(MATERIAL TO PROCESS Opens)

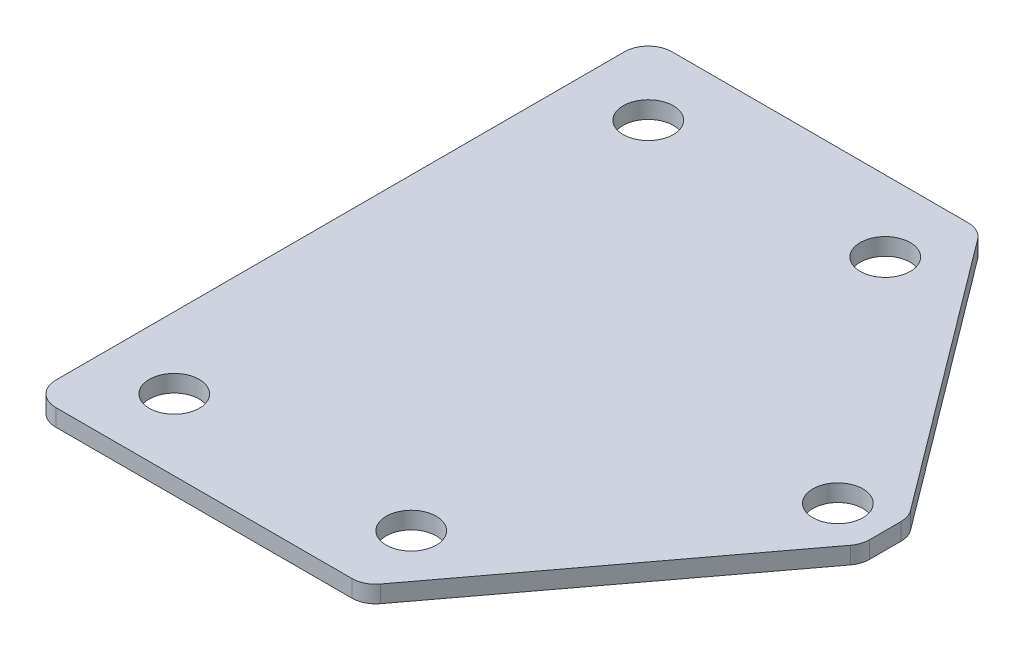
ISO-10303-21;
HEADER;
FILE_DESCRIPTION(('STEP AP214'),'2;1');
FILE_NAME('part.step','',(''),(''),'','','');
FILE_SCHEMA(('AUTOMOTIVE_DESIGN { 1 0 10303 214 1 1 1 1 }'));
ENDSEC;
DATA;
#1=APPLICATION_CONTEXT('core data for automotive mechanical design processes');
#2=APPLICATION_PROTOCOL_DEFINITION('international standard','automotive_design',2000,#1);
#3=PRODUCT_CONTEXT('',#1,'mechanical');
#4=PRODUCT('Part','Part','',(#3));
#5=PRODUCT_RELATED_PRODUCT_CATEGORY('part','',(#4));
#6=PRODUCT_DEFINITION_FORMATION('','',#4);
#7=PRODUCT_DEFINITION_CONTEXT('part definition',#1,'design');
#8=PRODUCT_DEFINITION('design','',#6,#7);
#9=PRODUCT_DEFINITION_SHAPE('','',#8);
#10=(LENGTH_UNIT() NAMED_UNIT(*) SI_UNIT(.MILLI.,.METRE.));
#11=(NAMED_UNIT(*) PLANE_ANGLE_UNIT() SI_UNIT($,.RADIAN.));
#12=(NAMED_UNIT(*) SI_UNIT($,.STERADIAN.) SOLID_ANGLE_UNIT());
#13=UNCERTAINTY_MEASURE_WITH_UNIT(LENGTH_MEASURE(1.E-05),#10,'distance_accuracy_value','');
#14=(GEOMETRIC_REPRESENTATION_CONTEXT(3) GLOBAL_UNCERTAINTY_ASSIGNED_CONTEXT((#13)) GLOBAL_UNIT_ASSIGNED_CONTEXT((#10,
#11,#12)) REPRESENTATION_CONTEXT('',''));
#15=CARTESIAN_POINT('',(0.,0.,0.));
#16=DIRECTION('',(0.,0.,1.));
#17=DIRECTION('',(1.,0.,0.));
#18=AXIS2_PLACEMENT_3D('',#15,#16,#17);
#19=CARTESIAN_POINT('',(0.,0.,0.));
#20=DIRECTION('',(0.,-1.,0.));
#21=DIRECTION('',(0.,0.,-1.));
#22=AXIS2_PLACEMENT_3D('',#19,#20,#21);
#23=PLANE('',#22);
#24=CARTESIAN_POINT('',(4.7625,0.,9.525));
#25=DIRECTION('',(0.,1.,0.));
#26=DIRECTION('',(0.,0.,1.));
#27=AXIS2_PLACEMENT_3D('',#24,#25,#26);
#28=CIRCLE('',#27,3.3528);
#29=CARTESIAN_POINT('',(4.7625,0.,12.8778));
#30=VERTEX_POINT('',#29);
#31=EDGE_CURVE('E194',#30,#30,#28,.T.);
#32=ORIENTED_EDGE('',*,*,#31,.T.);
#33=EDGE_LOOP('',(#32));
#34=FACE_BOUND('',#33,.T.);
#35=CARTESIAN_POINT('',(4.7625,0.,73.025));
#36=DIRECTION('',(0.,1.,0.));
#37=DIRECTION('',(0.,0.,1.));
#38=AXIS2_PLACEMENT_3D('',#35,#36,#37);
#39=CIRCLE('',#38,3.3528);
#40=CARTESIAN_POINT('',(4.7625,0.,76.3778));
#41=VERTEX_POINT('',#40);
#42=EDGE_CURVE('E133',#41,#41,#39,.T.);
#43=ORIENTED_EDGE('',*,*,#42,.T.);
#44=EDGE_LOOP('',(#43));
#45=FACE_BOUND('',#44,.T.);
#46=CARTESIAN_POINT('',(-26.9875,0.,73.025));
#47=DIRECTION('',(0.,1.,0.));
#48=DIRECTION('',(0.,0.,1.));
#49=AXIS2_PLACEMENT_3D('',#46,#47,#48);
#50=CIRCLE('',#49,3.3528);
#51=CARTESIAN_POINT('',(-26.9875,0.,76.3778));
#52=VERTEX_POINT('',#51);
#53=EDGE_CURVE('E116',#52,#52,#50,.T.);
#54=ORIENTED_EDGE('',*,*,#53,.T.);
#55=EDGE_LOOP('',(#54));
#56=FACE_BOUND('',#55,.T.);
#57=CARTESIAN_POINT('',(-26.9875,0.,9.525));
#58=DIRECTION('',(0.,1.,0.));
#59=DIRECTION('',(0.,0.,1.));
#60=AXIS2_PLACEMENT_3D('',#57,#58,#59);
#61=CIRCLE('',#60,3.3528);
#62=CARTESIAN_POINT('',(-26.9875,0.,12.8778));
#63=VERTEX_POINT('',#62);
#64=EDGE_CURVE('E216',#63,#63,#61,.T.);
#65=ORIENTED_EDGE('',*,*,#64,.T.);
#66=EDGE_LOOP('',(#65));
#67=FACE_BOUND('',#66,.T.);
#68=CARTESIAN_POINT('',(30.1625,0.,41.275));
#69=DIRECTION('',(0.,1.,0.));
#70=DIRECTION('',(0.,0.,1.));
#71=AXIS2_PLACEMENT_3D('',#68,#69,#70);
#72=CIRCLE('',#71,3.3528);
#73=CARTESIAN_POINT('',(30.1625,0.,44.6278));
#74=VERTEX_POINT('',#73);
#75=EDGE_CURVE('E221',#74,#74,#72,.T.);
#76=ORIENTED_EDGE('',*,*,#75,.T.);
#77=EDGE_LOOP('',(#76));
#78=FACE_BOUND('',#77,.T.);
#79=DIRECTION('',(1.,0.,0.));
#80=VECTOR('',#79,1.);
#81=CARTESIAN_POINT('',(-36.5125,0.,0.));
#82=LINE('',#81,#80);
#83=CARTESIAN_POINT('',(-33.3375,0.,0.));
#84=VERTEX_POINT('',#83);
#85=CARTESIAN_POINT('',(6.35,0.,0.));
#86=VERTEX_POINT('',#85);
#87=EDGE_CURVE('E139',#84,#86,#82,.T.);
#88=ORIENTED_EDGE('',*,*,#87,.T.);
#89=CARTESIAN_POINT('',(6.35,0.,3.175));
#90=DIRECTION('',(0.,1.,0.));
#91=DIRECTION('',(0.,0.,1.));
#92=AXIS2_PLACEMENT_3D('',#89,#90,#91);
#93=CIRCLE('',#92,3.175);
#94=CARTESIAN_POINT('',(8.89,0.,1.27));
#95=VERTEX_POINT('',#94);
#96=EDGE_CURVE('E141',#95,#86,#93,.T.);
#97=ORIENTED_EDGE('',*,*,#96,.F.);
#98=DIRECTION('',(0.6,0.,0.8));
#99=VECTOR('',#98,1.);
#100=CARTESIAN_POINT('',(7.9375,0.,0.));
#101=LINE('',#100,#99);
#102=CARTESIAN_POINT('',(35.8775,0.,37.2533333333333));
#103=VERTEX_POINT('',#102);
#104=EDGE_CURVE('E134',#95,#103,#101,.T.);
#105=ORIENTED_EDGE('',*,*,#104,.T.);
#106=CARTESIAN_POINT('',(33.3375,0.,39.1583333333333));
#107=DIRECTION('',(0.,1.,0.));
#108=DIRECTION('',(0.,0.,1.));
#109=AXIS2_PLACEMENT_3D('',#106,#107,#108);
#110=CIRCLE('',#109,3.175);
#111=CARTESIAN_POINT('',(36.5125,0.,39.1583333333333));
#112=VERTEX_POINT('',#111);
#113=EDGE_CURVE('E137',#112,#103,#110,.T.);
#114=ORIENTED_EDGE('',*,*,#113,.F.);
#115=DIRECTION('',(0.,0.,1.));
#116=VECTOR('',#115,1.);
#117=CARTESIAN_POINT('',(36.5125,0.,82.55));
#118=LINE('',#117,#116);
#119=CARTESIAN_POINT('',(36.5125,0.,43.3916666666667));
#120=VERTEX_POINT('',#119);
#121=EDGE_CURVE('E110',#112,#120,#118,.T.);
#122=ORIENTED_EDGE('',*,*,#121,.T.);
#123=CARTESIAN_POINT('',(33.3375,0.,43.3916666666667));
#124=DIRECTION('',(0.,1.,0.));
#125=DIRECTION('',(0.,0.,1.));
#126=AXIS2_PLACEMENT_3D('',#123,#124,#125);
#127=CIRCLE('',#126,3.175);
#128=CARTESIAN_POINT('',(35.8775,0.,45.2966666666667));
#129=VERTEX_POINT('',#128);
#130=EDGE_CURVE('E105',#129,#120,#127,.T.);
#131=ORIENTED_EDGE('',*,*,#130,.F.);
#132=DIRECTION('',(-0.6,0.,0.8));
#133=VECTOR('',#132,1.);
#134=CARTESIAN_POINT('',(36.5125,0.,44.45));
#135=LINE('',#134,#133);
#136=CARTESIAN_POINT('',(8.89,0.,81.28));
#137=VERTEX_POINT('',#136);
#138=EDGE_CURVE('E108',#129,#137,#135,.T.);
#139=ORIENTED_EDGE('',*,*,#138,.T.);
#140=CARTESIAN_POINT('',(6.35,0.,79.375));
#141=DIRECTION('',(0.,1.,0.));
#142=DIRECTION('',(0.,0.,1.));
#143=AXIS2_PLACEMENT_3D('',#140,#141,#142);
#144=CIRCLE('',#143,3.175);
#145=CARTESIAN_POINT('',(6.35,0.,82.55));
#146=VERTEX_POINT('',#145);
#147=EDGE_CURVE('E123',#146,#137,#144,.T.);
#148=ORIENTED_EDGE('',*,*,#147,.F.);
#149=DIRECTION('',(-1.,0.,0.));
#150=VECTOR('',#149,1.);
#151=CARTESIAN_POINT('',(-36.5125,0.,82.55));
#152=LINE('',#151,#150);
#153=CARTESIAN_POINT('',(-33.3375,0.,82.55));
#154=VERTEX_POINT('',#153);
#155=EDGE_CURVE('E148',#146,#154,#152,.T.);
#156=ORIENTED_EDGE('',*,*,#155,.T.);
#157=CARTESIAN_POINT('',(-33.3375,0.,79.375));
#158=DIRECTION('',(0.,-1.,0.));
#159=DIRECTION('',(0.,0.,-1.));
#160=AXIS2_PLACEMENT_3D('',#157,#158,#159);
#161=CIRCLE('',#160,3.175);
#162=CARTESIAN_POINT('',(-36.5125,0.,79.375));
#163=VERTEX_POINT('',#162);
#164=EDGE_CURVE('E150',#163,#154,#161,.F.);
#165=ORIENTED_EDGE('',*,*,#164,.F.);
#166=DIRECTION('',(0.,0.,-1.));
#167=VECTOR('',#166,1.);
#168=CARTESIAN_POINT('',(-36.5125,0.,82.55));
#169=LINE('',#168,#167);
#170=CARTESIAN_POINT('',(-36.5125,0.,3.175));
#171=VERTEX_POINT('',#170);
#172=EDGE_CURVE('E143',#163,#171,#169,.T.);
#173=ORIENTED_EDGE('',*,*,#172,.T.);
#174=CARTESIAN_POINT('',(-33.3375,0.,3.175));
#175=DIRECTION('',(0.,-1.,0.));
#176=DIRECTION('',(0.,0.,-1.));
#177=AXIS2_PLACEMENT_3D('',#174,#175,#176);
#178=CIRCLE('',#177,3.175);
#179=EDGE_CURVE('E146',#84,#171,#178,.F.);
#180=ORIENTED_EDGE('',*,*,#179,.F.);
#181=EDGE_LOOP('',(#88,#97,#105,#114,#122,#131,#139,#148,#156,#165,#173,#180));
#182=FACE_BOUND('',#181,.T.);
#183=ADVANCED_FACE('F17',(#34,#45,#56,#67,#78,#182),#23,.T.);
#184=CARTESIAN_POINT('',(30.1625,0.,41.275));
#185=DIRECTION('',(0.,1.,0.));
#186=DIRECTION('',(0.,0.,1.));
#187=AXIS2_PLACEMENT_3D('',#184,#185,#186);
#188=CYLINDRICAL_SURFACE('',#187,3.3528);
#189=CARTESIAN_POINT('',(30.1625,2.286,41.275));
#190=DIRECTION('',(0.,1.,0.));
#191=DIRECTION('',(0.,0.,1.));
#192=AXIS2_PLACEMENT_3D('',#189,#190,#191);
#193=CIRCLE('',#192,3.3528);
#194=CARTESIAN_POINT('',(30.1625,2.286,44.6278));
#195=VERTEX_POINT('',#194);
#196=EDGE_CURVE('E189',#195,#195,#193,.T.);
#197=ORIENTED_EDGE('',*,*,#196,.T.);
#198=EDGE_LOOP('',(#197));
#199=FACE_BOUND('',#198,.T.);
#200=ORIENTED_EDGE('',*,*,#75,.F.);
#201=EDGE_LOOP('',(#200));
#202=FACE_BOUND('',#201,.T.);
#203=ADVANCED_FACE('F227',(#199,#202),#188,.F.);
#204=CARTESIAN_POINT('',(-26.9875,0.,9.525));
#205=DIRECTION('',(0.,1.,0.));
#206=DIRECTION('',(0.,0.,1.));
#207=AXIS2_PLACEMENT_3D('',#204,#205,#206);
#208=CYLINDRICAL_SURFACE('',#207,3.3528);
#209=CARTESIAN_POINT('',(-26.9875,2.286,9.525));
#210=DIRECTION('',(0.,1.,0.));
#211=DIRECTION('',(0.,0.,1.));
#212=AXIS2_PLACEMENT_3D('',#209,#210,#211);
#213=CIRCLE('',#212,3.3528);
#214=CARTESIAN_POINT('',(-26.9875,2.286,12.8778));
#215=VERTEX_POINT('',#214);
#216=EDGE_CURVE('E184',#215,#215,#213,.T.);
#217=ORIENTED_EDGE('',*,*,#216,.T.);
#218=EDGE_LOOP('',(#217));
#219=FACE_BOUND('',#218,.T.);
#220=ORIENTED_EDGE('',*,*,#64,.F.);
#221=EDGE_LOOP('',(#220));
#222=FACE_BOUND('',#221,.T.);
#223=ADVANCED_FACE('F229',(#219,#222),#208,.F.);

(MATERIAL TO PROCESS Closes)

Return a word-for-word copy of the lines above from the one holding "#161=CIRCLE('',#160,3.175);" through the one holding "#180=ORIENTED_EDGE('',*,*,#179,.F.);", with both of them included and nothing besides.

#161=CIRCLE('',#160,3.175);
#162=CARTESIAN_POINT('',(-36.5125,0.,79.375));
#163=VERTEX_POINT('',#162);
#164=EDGE_CURVE('E150',#163,#154,#161,.F.);
#165=ORIENTED_EDGE('',*,*,#164,.F.);
#166=DIRECTION('',(0.,0.,-1.));
#167=VECTOR('',#166,1.);
#168=CARTESIAN_POINT('',(-36.5125,0.,82.55));
#169=LINE('',#168,#167);
#170=CARTESIAN_POINT('',(-36.5125,0.,3.175));
#171=VERTEX_POINT('',#170);
#172=EDGE_CURVE('E143',#163,#171,#169,.T.);
#173=ORIENTED_EDGE('',*,*,#172,.T.);
#174=CARTESIAN_POINT('',(-33.3375,0.,3.175));
#175=DIRECTION('',(0.,-1.,0.));
#176=DIRECTION('',(0.,0.,-1.));
#177=AXIS2_PLACEMENT_3D('',#174,#175,#176);
#178=CIRCLE('',#177,3.175);
#179=EDGE_CURVE('E146',#84,#171,#178,.F.);
#180=ORIENTED_EDGE('',*,*,#179,.F.);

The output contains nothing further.